On 20 September 2006, Richard Hammond climbed into a jet-powered car called the Vampire on the runway at Elvington and pointed it down what had been built fifty years earlier to handle nuclear bombers. He reached 280 miles per hour. Then a tyre exploded. The car flipped and ground itself across the concrete that the US Air Force had laid as Britain's longest runway. Hammond suffered serious brain injuries but made a full recovery, and the crash became one of the most famous moments in Top Gear's history. It was also a reminder of what Elvington really is: not a runway, but a 3,094-metre strip of Cold War excess that has been used for fifty years to chase records that civilian roads would never allow.

The Free French Bombers

Elvington opened in 1942 as a satellite of No. 4 Group RAF Bomber Command, originally home to No. 77 Squadron. The squadron lost more than 500 aircrew killed, captured, or missing during its time at Elvington, along with nearly 80 of the four-engined Handley Page Halifax bombers it flew through the Battle of the Ruhr and the campaign against Berlin.

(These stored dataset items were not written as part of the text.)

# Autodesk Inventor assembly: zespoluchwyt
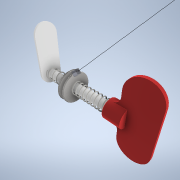
[picture p0: Inventor's stored thumbnail of the model, 180x180]
Saved by Autodesk Inventor 2021 (Build 250183000, 183)
## iProperties
Created: 2021-06-22
Part Number: zespoluchwyt
Document SubType Name: Assembly
Designer: Wojciech Wołczek
Author: Wojciech Wołczek
## Documents named in this file (6)
- D:\OneDrive\Documents\autodesk\uchwytokno\zespoluchwyt.iam
- D:\OneDrive\Documents\autodesk\uchwytokno\uchwyt1.ipt
- D:\OneDrive\Documents\autodesk\uchwytokno\podkl.ipt
- D:\OneDrive\Documents\autodesk\uchwytokno\sprezy23.ipt
- D:\OneDrive\Documents\autodesk\uchwytokno\sprezy2.ipt
- D:\OneDrive\Documents\autodesk\uchwytokno\raczka.ipt
## Components (6 placed, 5 different names)
1. uchwyt1:1 — Równoległe:1, Równoległe:3, Zestawiające:1
2. podkl:1 — Równoległe:4, Równoległe:5, Zestawiające:5
3. sprezy23:1 — Równoległe:6
4. podkl:2 — Zestawiające:4, Zestawiające:5, Zestawiające:6
5. sprezy2:1 — Równoległe:8
6. raczka:1 — Równoległe:9
## Relationships (14: Flush 8, Mate 6)
- Równoległe:1 [Flush]: uchwyt1:1
- Równoległe:3 [Flush] (20 mm): uchwyt1:1
- Równoległe:4 [Flush]: podkl:1
- Równoległe:5 [Flush]: podkl:1
- Zestawiające:1 [Mate]: uchwyt1:1
- Zestawiające:2 [Mate]
- Zestawiające:3 [Mate]
- Równoległe:6 [Flush]: sprezy23:1
- Zestawiające:4 [Mate]: podkl:2
- Zestawiające:5 [Mate] (3 mm): podkl:1 ↔ podkl:2
- Zestawiające:6 [Mate]: podkl:2
- Równoległe:7 [Flush] (-60 mm)
- Równoległe:8 [Flush]: sprezy2:1
- Równoległe:9 [Flush]: raczka:1
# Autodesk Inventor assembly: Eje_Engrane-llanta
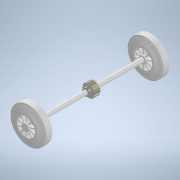
[picture p0: Inventor's stored thumbnail of the model, 180x180]
Saved by Autodesk Inventor 2021 (Build 250183000, 183)
## iProperties
Created: 2021-02-07
Part Number: Eje_Engrane-llanta
Document SubType Name: Assembly
Designer: rotje
Author: rotje
## Documents named in this file (4)
- C:\Users\rotje\Documents\Inventor\MSF\Eje_Engrane-llanta.iam
- C:\Users\rotje\Documents\Inventor\MSF\Eje_Engranes_llanta.ipt
- C:\Users\rotje\Documents\Inventor\MSF\Engranaje recto_20_Dientes.ipt
- C:\Users\rotje\Documents\Inventor\MSF\Llanta_125-15.ipt
## Components (4 placed, 3 different names)
1. Eje_Engranes_llanta:1 — Insertar:1, Insertar:2, Insertar:3
2. Engranaje recto1:1 — Insertar:1
3. Llanta_125-15:1 — Insertar:3
4. Llanta_125-15:2 — Insertar:2
## Relationships (3: Insert 3)
- Insertar:1: Eje_Engranes_llanta:1 ↔ Engranaje recto1:1
- Insertar:2: Eje_Engranes_llanta:1 ↔ Llanta_125-15:2
- Insertar:3: Eje_Engranes_llanta:1 ↔ Llanta_125-15:1

In May 1944, No. 77 Squadron moved to nearby RAF Full Sutton, and Elvington became the only airfield in Britain operated by the Free French heavy bomber force. Two squadrons arrived: No. 346 "Guyenne" and No. 347 "Tunisie," both flying Halifaxes against German targets. The French airmen at Elvington were the last survivors of a French air force decimated in 1940. After the war they flew back to France via Bordeaux in October 1945 and became the foundation of the post-Liberation French air force. A memorial to the two squadrons was unveiled in Elvington village in September 1957.

The American Plan That Never Was

After the war, Elvington spent a few years under RAF Maintenance Command, slowly winding down. Then in 1952 the United States Air Force took it over and rebuilt it on an entirely different scale. The Americans poured a new 3,094-metre runway, the longest in the north of England, and laid down a rectangular hardstanding apron of 19.8 hectares, with a new control tower to match. The intention was to operate Elvington as a Strategic Air Command dispersal base, where nuclear-armed B-47s and later B-52s could relocate during a crisis. SAC's dispersal doctrine relied on spreading bombers across many bases to make them harder to destroy in a Soviet first strike. Britain offered geography. Elvington offered concrete. But the base never became operational. After spending four million pounds, the US Air Force abandoned it in 1958.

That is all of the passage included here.